TASK DIRECTIONS: Work through the data line by line, gathering every line that has the word "WSON".
───── DATASET RECORDS
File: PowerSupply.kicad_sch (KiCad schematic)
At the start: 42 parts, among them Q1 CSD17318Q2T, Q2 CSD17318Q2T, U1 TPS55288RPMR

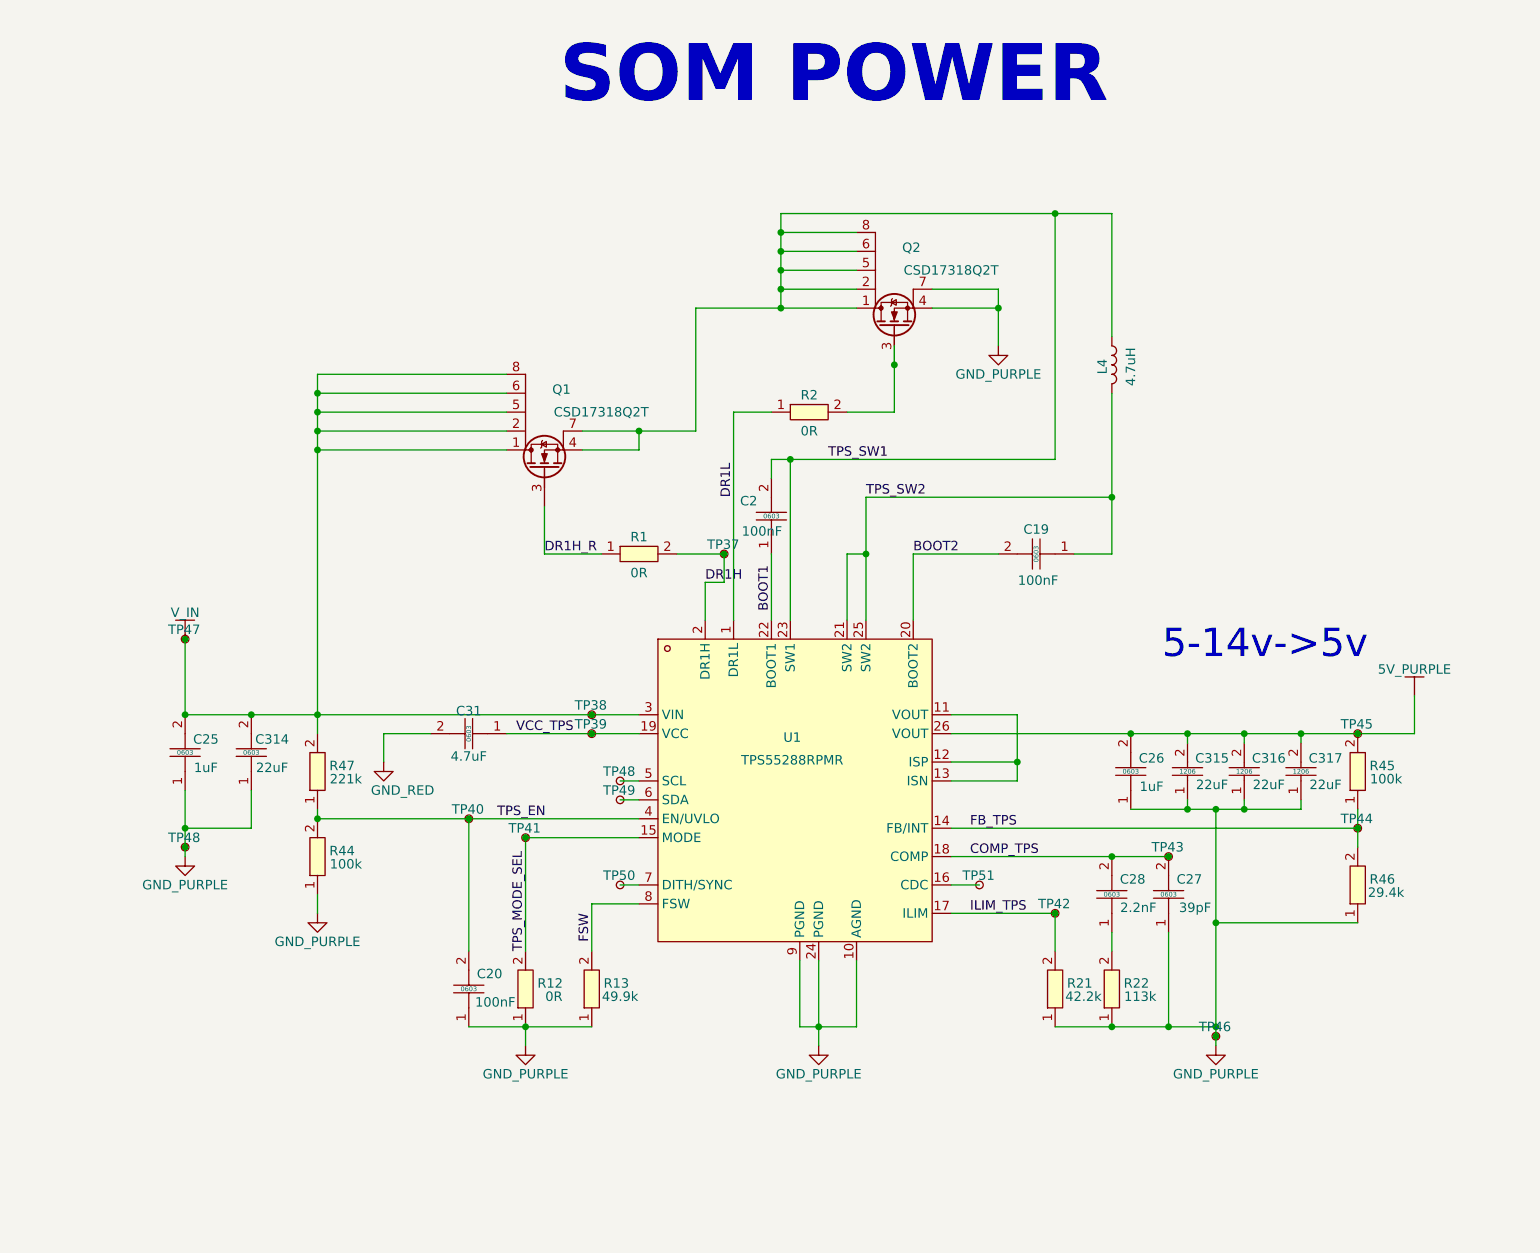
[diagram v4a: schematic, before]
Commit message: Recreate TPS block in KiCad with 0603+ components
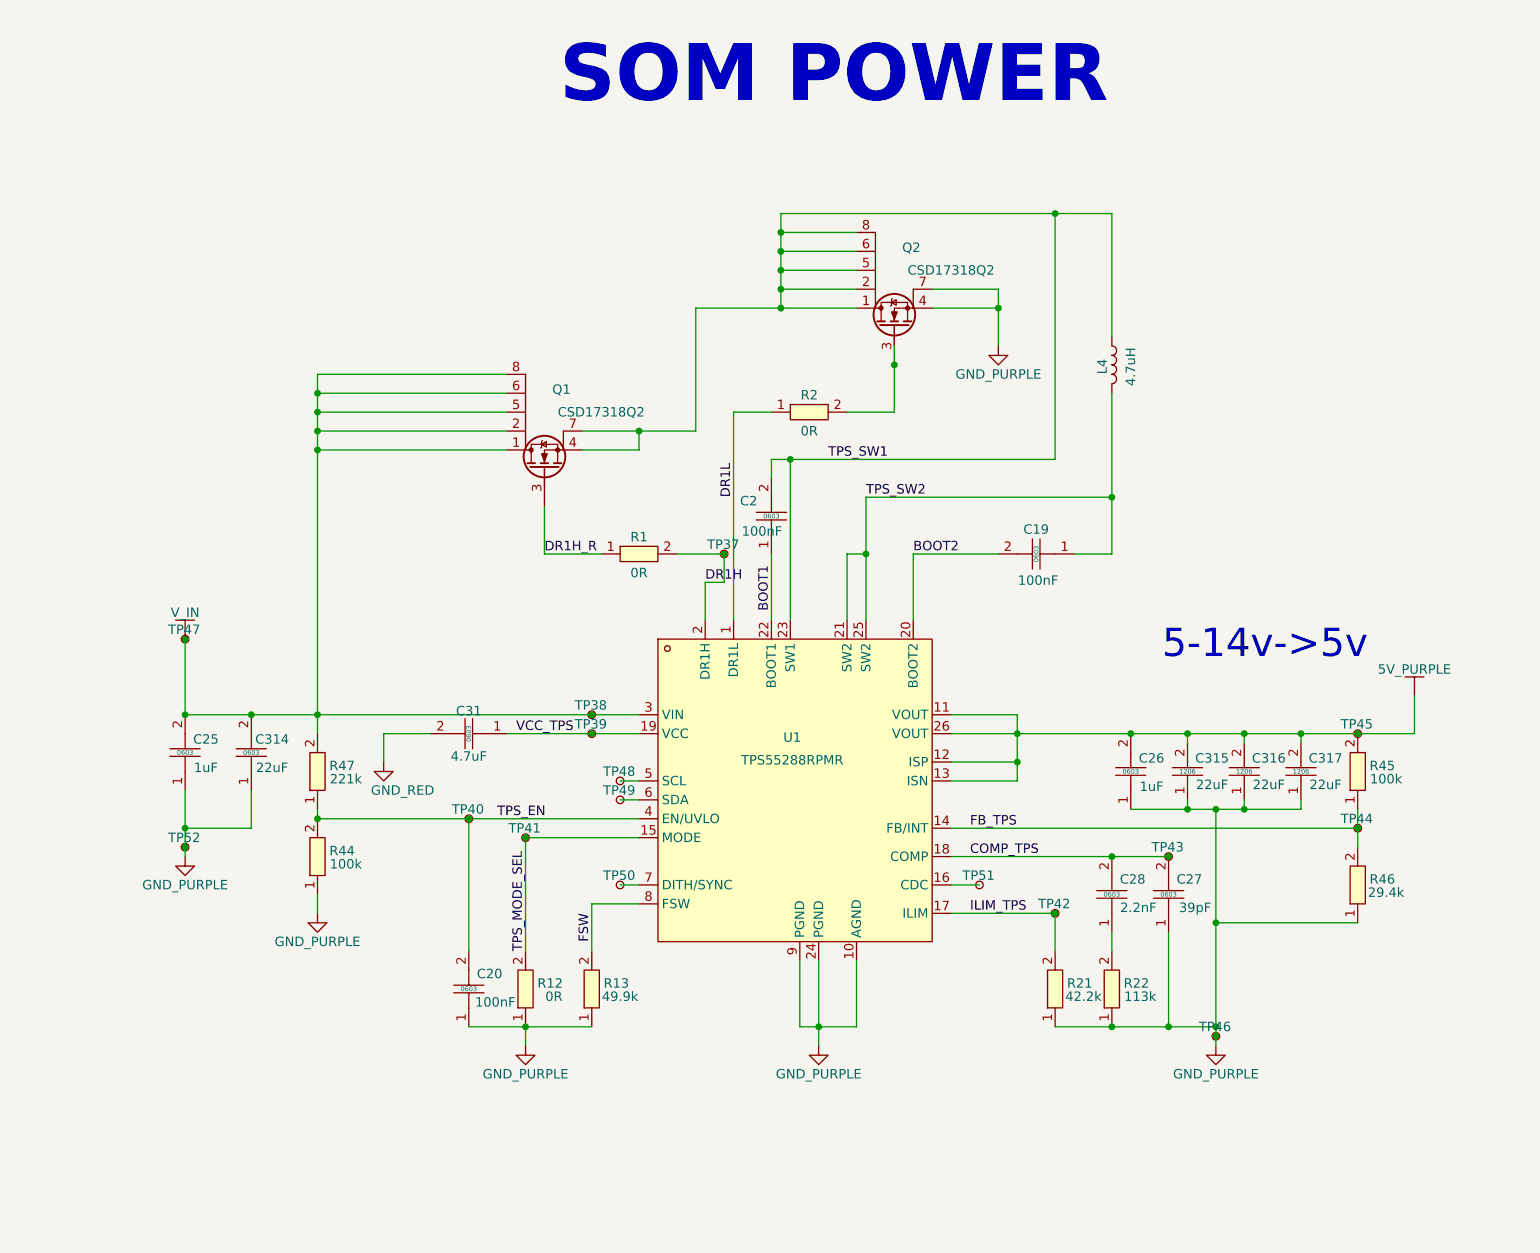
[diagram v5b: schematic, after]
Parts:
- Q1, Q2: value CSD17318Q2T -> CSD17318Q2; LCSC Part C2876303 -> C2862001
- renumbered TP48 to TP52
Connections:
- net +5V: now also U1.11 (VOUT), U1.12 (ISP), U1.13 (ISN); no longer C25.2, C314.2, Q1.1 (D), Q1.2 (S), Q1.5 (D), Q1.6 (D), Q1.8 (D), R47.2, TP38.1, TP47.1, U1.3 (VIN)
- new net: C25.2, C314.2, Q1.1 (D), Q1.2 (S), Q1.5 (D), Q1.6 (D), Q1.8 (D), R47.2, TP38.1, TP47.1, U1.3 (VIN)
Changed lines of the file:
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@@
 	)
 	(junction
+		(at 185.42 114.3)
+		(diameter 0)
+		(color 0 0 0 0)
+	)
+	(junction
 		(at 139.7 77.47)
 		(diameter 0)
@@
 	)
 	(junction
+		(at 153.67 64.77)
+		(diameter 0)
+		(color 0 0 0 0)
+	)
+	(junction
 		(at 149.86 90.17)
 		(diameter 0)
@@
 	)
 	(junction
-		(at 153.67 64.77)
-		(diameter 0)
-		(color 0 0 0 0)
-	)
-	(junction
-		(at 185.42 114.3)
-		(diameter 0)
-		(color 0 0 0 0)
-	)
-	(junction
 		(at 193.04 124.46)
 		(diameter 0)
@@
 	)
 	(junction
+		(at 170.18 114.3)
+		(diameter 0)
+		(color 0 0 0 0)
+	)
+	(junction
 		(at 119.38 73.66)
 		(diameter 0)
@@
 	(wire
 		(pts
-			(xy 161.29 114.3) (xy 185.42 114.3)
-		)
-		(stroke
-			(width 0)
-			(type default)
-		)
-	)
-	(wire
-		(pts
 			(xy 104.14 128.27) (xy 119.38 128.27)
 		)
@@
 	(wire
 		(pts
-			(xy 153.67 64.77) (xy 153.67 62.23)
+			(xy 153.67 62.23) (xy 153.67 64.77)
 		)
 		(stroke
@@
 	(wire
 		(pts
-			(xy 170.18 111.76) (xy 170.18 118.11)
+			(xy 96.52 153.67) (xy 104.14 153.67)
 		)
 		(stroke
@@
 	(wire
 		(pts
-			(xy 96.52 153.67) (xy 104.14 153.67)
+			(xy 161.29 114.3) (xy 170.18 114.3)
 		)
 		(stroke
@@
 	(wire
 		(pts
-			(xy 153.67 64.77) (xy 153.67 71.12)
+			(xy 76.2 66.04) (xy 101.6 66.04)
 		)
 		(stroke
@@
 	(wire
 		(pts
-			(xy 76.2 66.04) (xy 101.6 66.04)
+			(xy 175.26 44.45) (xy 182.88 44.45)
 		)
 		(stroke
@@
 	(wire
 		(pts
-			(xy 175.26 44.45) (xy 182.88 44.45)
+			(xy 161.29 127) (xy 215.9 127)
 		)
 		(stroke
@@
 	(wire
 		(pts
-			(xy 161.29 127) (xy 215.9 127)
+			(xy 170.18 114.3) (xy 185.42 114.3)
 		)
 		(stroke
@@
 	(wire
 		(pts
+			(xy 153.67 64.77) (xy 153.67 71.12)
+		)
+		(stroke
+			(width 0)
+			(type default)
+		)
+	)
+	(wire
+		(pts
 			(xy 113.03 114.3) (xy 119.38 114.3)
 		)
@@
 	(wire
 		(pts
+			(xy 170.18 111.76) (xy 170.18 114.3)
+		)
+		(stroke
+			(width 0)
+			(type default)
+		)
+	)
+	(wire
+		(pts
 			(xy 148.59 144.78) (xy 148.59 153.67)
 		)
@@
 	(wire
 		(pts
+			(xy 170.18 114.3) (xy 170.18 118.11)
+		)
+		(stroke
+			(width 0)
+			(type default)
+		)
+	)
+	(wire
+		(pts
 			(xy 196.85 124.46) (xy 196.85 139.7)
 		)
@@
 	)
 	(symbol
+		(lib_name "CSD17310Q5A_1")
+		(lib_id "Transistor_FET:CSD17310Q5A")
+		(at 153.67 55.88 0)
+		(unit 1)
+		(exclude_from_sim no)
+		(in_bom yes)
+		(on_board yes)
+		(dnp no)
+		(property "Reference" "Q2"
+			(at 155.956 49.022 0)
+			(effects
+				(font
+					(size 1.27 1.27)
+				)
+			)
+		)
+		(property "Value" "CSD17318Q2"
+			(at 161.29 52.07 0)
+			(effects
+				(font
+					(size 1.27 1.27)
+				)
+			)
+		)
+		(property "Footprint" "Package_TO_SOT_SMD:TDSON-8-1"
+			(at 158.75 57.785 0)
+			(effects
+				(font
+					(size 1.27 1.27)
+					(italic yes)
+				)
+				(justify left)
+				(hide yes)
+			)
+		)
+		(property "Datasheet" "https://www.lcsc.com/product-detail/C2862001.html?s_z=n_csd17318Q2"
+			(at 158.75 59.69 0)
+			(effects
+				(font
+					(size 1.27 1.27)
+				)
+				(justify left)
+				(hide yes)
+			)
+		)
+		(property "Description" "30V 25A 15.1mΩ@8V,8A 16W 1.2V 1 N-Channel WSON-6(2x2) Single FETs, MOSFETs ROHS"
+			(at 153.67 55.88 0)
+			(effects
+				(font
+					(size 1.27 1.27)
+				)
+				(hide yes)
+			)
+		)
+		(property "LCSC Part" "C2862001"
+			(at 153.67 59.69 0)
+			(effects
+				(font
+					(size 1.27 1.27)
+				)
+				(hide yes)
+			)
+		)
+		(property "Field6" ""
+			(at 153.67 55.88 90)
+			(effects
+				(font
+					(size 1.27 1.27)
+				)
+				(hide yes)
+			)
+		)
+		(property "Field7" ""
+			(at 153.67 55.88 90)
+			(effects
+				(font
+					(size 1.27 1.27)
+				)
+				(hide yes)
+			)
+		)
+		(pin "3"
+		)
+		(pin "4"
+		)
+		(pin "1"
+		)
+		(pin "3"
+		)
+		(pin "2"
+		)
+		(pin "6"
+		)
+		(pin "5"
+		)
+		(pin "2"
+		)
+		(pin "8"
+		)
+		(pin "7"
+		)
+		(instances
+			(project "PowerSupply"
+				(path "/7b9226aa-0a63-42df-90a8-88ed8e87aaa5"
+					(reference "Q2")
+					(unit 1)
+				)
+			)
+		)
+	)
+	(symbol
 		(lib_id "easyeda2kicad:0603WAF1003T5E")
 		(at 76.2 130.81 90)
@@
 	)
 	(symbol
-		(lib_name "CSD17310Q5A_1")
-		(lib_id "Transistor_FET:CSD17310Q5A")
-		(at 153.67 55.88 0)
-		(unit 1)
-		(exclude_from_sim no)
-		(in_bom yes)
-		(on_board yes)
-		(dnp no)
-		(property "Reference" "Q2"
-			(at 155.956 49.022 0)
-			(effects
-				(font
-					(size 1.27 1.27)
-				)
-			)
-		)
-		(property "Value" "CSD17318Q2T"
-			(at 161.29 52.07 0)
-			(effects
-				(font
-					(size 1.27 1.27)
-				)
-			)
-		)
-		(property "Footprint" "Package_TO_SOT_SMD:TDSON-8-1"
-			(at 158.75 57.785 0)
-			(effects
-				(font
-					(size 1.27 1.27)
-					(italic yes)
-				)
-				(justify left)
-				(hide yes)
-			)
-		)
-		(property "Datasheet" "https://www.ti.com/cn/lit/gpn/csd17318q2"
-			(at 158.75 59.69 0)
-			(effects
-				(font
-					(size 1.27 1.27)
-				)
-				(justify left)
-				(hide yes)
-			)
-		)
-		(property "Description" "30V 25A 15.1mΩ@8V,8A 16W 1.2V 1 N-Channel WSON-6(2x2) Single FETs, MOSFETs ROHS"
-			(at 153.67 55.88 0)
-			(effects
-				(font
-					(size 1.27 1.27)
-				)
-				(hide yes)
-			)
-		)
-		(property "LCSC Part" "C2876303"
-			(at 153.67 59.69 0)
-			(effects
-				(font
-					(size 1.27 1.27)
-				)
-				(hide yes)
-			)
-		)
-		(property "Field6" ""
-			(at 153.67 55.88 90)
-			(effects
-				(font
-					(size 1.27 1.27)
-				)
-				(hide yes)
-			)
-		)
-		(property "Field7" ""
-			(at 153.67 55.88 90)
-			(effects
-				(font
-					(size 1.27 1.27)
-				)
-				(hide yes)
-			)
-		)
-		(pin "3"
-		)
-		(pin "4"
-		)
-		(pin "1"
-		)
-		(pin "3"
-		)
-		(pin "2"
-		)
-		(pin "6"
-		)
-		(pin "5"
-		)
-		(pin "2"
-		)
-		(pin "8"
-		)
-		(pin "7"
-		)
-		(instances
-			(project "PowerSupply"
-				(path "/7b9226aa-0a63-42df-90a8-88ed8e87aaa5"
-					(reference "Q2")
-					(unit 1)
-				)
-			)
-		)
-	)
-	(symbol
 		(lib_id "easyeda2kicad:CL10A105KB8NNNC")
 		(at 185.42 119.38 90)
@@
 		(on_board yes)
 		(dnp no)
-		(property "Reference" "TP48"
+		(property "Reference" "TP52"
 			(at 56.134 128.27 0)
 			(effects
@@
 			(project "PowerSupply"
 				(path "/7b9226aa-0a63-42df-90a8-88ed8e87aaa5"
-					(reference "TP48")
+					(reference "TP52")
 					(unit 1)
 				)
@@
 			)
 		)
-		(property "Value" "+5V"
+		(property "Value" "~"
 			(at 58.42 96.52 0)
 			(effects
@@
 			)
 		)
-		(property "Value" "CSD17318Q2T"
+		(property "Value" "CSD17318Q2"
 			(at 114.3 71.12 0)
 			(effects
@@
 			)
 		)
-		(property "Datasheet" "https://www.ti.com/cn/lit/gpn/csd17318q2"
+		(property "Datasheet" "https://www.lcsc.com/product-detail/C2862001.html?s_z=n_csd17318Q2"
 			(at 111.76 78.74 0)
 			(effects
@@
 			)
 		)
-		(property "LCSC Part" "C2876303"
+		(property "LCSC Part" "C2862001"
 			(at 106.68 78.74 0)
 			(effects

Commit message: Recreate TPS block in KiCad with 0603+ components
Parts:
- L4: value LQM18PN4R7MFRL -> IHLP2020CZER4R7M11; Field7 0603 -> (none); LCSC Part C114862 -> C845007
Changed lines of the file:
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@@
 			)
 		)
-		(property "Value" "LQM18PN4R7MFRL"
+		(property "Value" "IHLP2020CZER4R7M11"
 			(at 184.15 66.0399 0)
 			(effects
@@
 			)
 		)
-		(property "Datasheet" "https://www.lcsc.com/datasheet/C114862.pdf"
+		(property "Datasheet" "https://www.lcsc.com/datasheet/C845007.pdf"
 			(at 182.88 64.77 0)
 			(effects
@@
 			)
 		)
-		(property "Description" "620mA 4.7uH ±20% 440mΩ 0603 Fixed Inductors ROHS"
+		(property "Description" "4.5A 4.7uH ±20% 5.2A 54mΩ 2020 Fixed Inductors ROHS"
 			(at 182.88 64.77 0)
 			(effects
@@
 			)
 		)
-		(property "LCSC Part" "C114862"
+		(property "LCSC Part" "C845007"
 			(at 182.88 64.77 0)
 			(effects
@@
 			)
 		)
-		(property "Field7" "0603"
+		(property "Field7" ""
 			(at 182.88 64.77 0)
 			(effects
──────────
ANSWER BOX:
+		(property "Description" "30V 25A 15.1mΩ@8V,8A 16W 1.2V 1 N-Channel WSON-6(2x2) Single FETs, MOSFETs ROHS"
-		(property "Description" "30V 25A 15.1mΩ@8V,8A 16W 1.2V 1 N-Channel WSON-6(2x2) Single FETs, MOSFETs ROHS"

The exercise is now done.